Items from a dataset
######

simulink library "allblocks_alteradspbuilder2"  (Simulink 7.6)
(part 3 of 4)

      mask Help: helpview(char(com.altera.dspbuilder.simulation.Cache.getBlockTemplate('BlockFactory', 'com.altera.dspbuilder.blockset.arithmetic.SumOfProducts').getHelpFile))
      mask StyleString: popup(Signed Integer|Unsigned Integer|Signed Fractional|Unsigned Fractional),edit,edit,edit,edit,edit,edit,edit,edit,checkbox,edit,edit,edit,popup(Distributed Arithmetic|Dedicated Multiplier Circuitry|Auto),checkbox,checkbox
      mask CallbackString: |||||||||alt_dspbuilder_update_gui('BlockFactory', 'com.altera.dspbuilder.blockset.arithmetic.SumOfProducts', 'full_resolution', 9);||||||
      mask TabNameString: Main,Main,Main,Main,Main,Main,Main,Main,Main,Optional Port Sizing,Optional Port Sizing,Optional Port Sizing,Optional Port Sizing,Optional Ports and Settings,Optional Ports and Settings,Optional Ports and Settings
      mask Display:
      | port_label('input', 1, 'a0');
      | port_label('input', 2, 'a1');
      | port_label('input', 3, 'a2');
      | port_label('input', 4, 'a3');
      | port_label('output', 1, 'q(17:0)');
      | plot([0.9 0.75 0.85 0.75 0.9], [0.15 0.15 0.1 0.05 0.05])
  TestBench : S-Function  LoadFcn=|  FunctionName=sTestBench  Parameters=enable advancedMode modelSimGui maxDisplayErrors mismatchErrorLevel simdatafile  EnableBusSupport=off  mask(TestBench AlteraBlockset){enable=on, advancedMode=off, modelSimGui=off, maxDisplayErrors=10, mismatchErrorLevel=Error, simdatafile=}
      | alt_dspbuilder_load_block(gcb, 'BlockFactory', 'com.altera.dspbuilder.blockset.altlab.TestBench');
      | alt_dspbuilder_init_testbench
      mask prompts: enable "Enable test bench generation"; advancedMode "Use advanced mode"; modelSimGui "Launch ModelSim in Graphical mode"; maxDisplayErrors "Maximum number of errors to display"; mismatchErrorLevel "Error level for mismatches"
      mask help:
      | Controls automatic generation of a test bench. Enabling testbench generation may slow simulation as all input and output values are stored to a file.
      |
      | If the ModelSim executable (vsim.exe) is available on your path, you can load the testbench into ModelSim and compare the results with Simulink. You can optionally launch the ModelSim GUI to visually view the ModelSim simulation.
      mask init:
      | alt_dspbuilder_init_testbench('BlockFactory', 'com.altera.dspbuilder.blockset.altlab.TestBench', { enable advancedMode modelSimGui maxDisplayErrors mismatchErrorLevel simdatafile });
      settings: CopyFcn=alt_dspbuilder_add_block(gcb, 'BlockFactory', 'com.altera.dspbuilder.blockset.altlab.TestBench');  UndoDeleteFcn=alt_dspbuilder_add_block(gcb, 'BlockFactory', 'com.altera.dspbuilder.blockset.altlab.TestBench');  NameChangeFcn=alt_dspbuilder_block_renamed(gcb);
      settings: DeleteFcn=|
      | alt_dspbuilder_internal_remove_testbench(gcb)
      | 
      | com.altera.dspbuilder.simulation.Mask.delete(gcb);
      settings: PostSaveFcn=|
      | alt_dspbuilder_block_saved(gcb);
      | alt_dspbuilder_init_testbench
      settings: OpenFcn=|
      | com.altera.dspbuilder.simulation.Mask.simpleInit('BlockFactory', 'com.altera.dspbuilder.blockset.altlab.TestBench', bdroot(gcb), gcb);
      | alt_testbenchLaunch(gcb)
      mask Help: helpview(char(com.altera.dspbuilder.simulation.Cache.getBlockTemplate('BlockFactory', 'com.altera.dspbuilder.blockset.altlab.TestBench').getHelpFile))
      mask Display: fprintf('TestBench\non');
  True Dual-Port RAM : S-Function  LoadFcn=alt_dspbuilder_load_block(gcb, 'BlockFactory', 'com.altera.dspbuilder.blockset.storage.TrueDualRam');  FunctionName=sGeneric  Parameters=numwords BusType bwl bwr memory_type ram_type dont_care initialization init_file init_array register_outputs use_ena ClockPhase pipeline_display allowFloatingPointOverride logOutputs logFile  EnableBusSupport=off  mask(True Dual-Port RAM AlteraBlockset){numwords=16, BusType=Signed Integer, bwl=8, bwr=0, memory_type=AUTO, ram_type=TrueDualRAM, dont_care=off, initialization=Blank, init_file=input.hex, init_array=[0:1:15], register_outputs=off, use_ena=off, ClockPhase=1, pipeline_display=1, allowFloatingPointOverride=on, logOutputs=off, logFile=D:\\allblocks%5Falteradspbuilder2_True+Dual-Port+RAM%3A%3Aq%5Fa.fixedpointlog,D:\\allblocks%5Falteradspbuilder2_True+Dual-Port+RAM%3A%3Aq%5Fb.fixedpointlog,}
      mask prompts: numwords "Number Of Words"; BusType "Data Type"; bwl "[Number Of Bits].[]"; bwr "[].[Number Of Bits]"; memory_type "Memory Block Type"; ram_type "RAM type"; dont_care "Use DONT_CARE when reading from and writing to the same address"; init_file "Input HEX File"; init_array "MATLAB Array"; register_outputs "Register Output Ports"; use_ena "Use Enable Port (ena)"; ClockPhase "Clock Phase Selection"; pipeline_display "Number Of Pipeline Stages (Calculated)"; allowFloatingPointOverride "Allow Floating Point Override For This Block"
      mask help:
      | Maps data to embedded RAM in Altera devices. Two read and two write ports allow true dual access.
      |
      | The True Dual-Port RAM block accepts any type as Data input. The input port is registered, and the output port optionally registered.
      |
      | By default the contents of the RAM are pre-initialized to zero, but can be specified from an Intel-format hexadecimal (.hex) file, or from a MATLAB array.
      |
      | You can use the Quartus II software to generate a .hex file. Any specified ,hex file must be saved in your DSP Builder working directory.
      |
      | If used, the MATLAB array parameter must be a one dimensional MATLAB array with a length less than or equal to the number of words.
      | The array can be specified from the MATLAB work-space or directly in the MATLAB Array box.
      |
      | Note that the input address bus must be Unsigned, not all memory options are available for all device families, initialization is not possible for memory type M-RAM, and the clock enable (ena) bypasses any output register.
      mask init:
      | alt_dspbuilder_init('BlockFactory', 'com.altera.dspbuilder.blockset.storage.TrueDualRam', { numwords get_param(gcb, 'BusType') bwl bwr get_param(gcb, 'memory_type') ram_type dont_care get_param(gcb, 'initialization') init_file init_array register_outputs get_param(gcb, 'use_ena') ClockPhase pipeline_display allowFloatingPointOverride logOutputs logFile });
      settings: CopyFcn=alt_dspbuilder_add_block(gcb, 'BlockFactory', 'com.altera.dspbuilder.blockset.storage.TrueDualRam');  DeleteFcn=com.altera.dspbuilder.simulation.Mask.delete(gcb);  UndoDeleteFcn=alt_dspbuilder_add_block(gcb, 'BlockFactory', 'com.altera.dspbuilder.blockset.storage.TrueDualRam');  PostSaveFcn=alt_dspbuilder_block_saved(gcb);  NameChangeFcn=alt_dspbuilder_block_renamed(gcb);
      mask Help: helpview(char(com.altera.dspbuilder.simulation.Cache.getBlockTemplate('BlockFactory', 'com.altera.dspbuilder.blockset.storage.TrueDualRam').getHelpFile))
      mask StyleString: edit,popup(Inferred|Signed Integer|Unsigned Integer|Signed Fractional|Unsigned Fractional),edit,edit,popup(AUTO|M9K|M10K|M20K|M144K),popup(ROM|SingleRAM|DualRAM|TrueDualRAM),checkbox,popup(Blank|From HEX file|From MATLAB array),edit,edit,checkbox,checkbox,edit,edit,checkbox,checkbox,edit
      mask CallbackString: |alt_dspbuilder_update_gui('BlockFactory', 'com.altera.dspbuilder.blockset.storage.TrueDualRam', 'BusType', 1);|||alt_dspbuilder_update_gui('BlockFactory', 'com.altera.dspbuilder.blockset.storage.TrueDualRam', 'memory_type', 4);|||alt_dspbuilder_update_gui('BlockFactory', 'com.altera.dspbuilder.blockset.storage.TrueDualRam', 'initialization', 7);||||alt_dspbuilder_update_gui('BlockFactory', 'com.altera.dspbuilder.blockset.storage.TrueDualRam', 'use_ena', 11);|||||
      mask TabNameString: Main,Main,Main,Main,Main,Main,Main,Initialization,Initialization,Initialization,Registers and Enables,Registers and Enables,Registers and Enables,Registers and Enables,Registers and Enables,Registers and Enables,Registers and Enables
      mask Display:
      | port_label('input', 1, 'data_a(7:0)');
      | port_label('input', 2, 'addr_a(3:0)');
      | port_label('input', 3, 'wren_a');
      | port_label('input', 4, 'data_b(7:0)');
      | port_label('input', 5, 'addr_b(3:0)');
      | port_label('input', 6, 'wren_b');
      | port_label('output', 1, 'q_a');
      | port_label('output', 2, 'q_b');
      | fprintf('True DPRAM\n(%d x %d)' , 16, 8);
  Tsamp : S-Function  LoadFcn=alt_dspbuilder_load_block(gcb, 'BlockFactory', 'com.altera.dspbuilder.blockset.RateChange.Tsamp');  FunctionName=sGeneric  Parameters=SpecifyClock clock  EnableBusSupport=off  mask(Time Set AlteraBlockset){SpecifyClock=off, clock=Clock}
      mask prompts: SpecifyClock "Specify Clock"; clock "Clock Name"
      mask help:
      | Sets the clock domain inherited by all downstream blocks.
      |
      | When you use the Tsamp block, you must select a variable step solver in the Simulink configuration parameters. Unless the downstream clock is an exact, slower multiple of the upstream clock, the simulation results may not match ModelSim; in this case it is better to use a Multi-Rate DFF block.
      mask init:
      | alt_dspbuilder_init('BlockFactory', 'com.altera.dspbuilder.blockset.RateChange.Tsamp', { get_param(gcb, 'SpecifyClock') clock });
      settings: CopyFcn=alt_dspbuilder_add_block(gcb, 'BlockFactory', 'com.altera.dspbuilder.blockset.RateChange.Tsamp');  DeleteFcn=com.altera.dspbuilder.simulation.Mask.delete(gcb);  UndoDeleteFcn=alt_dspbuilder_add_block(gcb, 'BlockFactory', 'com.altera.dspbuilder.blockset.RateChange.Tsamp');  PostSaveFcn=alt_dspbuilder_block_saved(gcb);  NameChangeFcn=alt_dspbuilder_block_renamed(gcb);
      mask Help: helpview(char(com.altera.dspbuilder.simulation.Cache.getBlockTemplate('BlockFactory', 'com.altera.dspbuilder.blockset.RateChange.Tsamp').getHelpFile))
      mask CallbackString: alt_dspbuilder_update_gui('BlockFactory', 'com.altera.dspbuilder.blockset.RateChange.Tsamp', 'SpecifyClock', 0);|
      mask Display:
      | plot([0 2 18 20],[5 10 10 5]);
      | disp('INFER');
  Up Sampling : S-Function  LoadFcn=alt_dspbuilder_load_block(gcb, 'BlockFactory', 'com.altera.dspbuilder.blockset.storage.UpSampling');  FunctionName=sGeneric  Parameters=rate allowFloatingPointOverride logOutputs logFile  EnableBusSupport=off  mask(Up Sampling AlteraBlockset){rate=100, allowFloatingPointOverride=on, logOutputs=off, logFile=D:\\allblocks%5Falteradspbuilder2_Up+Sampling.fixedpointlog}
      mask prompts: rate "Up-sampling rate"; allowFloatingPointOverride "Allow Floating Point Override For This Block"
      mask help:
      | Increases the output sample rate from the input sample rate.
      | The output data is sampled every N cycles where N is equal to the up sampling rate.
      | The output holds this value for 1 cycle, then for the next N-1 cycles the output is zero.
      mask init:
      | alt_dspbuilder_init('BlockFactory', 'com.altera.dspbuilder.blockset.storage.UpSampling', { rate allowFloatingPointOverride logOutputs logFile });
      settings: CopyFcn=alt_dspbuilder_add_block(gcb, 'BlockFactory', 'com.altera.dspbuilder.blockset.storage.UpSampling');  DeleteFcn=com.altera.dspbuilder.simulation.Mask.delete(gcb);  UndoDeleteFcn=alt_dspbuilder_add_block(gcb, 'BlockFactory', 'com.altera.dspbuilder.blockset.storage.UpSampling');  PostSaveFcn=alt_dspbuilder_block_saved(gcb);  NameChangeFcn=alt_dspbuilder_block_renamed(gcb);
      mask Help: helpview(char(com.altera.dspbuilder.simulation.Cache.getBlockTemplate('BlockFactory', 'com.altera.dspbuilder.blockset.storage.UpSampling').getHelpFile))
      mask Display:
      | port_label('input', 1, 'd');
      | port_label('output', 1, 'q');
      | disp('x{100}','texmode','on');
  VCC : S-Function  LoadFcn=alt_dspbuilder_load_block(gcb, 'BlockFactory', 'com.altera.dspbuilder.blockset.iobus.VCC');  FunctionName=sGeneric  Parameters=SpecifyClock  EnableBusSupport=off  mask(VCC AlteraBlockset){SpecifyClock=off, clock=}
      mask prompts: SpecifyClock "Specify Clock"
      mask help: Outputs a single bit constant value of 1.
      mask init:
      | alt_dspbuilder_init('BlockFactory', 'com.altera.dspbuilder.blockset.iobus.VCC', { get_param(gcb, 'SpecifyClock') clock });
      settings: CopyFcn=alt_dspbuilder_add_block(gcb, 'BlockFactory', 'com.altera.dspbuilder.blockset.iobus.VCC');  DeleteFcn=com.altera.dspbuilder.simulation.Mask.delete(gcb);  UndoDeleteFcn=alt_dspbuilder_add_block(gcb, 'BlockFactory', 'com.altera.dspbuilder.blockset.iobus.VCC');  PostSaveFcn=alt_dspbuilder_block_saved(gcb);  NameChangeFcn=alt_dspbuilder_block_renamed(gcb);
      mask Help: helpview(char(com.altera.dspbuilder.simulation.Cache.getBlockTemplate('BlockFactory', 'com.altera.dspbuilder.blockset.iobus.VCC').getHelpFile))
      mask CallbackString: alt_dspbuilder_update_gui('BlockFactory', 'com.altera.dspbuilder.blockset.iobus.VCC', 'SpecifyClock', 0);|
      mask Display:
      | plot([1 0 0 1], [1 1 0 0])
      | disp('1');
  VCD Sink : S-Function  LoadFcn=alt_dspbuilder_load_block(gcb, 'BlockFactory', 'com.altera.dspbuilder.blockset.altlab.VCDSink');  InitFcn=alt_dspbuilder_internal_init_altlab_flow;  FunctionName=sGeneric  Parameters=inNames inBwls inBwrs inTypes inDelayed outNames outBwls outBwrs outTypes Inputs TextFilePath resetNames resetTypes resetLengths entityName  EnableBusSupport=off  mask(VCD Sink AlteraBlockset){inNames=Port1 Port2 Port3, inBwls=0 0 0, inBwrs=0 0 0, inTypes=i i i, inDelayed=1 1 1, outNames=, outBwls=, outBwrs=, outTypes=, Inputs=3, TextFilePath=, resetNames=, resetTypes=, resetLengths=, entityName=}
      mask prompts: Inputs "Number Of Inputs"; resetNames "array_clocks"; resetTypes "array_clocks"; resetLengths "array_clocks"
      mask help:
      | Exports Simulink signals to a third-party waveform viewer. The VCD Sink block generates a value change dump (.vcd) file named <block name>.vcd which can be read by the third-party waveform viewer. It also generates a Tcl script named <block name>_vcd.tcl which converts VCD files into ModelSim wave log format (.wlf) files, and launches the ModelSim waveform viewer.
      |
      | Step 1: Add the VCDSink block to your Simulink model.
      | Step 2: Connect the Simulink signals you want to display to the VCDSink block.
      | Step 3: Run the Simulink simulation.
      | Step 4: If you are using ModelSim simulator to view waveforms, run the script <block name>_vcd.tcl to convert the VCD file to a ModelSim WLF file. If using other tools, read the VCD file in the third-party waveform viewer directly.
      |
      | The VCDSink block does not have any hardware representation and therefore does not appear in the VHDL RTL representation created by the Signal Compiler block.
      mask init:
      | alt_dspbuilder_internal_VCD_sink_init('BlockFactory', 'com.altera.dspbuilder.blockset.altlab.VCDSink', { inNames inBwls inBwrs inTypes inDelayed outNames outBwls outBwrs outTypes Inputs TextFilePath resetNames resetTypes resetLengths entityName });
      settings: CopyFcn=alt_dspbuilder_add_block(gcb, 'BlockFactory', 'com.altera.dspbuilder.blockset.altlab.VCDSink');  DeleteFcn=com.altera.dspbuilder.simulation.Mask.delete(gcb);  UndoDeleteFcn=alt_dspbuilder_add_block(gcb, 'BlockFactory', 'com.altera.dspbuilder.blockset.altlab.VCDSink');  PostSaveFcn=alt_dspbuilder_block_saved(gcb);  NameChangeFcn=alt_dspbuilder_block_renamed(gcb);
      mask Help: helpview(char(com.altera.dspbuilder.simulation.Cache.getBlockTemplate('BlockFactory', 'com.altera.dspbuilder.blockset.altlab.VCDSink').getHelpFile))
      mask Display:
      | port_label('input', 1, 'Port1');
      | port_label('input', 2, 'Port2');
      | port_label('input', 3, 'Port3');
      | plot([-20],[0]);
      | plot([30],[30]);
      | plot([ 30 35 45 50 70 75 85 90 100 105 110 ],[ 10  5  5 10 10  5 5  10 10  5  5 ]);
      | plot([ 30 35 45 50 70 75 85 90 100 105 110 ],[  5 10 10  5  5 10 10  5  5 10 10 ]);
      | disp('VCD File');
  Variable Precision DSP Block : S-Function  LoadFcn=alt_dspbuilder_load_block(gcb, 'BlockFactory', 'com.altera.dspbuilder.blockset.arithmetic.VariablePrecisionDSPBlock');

######

Exercise aim >> Reproduce all lines from the records above that include the word "cycles".

Exercise response >>
      | The output data is sampled every N cycles where N is equal to the up sampling rate.
      | The output holds this value for 1 cycle, then for the next N-1 cycles the output is zero.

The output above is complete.